● **Brief**:
The lines below that include "beam" are to be found and copied.

● **Records for this task**:
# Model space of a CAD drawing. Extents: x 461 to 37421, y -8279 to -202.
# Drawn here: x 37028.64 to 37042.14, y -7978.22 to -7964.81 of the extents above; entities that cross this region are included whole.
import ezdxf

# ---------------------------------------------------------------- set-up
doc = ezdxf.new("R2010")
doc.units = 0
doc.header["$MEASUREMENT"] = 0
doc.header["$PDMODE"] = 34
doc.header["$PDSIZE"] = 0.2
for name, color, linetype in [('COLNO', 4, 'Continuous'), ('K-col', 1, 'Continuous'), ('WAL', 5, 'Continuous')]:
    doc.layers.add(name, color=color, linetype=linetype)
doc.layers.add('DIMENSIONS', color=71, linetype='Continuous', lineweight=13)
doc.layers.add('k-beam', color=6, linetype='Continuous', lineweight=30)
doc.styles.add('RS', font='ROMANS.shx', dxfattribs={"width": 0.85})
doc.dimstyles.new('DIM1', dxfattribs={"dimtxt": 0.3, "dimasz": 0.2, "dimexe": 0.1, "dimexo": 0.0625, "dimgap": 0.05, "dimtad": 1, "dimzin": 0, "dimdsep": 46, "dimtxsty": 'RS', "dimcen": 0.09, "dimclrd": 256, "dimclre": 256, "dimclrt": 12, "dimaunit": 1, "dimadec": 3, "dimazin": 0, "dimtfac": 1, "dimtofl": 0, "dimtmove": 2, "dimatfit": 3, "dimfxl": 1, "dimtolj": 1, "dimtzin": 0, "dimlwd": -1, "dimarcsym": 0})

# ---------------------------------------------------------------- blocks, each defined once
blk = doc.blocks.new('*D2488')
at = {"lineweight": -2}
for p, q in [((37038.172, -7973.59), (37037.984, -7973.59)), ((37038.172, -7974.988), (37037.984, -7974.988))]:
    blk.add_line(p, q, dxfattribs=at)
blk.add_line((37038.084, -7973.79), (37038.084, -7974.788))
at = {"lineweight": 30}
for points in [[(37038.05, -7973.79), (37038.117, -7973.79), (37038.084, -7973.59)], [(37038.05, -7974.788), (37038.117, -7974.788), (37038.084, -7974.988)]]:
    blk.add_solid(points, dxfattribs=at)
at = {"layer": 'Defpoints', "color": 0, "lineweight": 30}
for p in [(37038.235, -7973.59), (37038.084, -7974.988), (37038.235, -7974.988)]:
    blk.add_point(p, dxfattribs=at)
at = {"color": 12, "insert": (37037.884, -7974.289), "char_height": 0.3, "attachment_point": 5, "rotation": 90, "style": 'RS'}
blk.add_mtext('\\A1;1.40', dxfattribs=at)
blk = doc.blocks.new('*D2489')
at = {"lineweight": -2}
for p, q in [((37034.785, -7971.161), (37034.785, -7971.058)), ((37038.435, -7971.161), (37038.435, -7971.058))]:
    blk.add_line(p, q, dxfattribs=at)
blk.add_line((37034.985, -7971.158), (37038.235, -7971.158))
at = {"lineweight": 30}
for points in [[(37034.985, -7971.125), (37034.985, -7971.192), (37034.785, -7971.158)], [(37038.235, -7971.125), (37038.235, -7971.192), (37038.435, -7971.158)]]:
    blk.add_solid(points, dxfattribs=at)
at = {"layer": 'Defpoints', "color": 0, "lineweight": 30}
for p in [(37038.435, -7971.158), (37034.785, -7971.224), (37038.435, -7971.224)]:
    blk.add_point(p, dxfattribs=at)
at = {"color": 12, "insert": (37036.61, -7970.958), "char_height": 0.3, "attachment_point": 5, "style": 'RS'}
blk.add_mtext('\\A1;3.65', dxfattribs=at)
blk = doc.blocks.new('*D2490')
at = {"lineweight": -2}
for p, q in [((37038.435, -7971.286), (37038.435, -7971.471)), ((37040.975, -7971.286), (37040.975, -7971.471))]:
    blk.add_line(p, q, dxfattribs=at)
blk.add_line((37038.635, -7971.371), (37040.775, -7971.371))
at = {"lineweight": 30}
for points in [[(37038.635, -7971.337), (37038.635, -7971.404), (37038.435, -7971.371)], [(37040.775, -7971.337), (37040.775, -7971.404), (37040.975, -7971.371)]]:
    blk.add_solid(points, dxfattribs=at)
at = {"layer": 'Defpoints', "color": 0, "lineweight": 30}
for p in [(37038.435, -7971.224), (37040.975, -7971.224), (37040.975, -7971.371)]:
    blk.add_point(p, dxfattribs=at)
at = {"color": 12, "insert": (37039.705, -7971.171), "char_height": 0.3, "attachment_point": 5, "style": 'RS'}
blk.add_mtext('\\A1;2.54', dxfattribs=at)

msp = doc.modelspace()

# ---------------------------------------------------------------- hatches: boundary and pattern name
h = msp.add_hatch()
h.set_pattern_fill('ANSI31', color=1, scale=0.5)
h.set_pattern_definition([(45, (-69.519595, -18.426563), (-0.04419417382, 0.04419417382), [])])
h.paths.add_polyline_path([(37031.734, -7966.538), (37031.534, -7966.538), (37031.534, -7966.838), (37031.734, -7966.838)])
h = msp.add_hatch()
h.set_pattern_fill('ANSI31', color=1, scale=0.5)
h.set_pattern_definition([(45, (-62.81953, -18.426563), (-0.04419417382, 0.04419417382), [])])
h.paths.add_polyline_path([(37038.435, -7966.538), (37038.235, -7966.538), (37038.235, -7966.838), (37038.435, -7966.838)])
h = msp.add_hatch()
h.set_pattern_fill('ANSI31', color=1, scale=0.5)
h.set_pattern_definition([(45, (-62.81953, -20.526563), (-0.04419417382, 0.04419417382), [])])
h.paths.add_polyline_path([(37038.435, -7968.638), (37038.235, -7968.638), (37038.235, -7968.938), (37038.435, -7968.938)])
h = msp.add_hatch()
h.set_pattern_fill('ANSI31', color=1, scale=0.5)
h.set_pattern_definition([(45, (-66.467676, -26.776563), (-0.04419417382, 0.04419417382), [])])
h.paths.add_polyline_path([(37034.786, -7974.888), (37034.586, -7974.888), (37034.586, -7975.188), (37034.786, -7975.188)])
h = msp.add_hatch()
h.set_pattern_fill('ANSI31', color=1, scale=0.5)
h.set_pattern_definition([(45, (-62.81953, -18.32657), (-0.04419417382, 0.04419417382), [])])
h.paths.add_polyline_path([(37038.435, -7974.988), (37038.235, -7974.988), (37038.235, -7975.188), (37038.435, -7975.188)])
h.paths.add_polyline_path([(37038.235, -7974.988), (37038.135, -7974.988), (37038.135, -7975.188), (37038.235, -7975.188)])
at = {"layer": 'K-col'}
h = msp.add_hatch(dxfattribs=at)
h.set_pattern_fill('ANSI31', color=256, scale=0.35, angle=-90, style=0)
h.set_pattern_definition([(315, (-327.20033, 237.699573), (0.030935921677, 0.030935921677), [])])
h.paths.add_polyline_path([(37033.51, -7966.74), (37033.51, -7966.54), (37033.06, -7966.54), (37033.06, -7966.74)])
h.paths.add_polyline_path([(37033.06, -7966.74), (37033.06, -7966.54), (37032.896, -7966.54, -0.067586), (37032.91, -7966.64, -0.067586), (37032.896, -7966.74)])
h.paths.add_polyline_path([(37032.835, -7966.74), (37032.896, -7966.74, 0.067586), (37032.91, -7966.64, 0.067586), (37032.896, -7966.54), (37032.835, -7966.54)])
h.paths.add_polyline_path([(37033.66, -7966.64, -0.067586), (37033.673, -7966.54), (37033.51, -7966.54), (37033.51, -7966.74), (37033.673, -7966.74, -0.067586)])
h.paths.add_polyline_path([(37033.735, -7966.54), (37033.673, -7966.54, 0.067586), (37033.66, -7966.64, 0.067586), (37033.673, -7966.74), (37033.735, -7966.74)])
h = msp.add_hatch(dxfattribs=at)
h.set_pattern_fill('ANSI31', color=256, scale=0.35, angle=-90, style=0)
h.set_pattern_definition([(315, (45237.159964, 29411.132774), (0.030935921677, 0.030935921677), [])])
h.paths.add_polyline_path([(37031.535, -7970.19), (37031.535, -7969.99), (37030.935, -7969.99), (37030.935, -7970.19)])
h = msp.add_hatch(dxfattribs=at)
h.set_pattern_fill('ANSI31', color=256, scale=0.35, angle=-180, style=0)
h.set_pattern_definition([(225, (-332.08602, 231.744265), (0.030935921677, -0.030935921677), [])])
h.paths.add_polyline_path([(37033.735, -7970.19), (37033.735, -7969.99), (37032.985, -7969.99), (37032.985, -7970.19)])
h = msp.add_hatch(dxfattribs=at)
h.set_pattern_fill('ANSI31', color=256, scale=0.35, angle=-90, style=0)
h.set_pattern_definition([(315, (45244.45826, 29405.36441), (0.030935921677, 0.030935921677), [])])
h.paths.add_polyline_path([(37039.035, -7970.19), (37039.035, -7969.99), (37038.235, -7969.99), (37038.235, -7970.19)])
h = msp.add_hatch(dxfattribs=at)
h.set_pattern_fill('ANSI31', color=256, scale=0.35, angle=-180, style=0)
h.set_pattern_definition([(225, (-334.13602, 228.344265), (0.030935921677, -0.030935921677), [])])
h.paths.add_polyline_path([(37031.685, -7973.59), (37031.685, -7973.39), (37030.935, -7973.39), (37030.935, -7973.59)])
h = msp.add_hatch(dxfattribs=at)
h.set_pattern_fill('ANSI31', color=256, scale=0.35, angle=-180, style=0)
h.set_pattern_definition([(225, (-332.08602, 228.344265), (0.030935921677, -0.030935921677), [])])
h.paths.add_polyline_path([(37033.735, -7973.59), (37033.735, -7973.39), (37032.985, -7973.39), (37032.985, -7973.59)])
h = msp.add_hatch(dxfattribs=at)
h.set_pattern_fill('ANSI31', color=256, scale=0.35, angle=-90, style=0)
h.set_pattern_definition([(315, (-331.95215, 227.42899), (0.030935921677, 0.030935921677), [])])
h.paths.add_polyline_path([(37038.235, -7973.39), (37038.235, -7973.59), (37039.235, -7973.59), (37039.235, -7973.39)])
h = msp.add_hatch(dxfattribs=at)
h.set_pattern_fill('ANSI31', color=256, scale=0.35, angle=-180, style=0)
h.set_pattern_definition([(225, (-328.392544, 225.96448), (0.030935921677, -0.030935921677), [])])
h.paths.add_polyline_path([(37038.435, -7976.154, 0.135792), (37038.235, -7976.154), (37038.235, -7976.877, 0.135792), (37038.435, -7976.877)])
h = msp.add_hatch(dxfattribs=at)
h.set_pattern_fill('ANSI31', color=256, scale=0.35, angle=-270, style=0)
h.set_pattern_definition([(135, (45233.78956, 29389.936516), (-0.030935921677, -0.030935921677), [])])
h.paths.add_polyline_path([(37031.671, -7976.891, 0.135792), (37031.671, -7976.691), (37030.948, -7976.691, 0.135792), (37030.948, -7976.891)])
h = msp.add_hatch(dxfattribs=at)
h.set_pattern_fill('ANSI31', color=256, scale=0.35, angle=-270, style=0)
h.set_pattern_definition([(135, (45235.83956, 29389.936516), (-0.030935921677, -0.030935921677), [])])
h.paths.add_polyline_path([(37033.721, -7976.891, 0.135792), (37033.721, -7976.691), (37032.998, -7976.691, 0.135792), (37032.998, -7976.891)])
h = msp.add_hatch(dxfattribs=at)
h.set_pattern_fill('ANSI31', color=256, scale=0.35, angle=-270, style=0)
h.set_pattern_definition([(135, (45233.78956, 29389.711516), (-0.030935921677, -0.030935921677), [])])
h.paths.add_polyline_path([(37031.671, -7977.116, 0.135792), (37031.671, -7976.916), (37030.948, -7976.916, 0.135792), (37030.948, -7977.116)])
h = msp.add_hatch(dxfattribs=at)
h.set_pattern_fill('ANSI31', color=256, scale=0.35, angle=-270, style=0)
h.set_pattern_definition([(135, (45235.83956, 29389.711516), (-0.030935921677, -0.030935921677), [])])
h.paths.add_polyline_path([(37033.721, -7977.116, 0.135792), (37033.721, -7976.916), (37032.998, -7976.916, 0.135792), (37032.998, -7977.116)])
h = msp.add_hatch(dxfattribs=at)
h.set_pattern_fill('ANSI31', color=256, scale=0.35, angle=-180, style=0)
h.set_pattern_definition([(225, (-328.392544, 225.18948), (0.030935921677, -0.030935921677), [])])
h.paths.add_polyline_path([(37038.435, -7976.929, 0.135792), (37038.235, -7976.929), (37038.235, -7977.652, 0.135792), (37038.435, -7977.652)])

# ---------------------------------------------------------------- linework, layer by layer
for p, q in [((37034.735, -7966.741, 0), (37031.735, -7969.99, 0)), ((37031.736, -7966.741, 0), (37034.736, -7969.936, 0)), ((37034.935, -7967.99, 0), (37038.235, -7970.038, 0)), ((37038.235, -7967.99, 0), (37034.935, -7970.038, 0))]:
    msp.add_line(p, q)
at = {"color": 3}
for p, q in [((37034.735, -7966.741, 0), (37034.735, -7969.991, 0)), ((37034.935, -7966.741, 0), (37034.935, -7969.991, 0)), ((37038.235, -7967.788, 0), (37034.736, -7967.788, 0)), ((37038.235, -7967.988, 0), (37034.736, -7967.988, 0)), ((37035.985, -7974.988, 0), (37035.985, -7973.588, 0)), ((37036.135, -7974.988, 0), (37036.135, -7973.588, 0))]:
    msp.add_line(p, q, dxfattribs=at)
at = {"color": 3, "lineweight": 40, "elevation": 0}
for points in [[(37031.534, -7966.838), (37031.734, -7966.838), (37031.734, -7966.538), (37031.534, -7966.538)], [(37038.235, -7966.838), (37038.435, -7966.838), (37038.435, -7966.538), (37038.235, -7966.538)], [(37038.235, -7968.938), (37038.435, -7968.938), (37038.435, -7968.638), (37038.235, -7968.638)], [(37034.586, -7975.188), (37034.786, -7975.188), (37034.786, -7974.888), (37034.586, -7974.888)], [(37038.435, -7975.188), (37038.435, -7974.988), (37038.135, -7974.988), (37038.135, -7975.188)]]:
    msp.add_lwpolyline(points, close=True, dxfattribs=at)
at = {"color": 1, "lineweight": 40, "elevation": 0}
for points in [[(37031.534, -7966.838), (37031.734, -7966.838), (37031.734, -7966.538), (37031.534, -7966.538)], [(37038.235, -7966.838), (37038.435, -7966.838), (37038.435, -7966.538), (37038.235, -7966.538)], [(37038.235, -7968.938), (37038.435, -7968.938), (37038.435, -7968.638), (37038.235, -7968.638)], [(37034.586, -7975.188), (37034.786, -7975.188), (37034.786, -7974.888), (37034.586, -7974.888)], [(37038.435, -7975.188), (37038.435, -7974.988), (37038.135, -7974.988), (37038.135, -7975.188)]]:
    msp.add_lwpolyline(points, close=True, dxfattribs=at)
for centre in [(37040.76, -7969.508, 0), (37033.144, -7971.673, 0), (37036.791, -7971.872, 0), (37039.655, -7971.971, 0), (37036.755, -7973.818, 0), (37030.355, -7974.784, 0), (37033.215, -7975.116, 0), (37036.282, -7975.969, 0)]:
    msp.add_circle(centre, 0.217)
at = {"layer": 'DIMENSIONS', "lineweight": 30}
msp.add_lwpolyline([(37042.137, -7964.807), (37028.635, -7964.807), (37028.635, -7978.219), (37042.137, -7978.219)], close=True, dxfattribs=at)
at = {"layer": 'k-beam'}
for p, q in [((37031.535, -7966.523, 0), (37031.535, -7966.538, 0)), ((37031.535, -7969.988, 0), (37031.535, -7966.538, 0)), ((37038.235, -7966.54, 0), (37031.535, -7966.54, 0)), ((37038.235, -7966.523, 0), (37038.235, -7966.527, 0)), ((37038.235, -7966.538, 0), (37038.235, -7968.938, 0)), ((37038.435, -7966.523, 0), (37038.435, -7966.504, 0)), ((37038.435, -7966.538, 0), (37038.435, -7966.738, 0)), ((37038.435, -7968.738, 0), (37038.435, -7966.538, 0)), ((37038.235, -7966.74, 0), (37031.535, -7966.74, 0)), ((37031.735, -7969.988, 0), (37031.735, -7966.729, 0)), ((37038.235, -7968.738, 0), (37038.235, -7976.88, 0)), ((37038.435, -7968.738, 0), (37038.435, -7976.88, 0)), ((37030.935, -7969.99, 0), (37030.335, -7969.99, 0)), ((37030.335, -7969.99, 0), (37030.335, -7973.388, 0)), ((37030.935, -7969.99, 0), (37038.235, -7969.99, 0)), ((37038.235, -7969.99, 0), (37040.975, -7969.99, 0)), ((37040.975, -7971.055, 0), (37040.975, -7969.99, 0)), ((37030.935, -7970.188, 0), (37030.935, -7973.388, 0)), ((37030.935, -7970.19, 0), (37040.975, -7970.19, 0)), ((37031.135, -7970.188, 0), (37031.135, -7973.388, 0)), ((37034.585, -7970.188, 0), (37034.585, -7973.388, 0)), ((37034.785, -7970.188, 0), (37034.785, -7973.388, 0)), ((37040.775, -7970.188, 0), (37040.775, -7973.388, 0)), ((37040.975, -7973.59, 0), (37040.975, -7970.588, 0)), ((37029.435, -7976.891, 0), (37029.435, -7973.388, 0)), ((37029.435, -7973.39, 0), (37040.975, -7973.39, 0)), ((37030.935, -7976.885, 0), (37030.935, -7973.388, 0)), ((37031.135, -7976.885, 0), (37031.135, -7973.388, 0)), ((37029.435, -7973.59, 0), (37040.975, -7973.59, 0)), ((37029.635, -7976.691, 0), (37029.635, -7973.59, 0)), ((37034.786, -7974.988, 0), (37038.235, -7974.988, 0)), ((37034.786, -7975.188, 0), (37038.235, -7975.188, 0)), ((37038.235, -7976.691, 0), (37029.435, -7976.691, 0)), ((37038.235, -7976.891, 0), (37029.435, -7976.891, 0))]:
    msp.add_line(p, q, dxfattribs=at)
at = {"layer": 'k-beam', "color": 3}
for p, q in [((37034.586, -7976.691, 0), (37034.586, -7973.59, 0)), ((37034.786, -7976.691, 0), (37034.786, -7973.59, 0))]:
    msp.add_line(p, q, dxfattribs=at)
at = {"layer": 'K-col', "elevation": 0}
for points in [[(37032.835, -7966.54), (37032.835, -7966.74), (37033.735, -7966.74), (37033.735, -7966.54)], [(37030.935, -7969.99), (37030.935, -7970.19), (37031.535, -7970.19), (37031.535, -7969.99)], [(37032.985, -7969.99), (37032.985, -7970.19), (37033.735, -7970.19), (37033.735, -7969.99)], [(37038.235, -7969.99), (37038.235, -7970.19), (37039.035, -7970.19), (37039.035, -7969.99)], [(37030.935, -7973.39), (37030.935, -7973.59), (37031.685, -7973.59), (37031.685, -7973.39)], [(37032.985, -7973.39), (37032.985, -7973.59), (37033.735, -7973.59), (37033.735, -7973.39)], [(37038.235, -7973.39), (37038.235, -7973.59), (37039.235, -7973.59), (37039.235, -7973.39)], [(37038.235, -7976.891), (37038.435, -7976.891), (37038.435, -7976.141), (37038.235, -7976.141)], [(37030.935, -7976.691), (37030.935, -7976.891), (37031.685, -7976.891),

● **Exercise result**:
doc.layers.add('k-beam', color=6, linetype='Continuous', lineweight=30)
at = {"layer": 'k-beam'}
at = {"layer": 'k-beam', "color": 3}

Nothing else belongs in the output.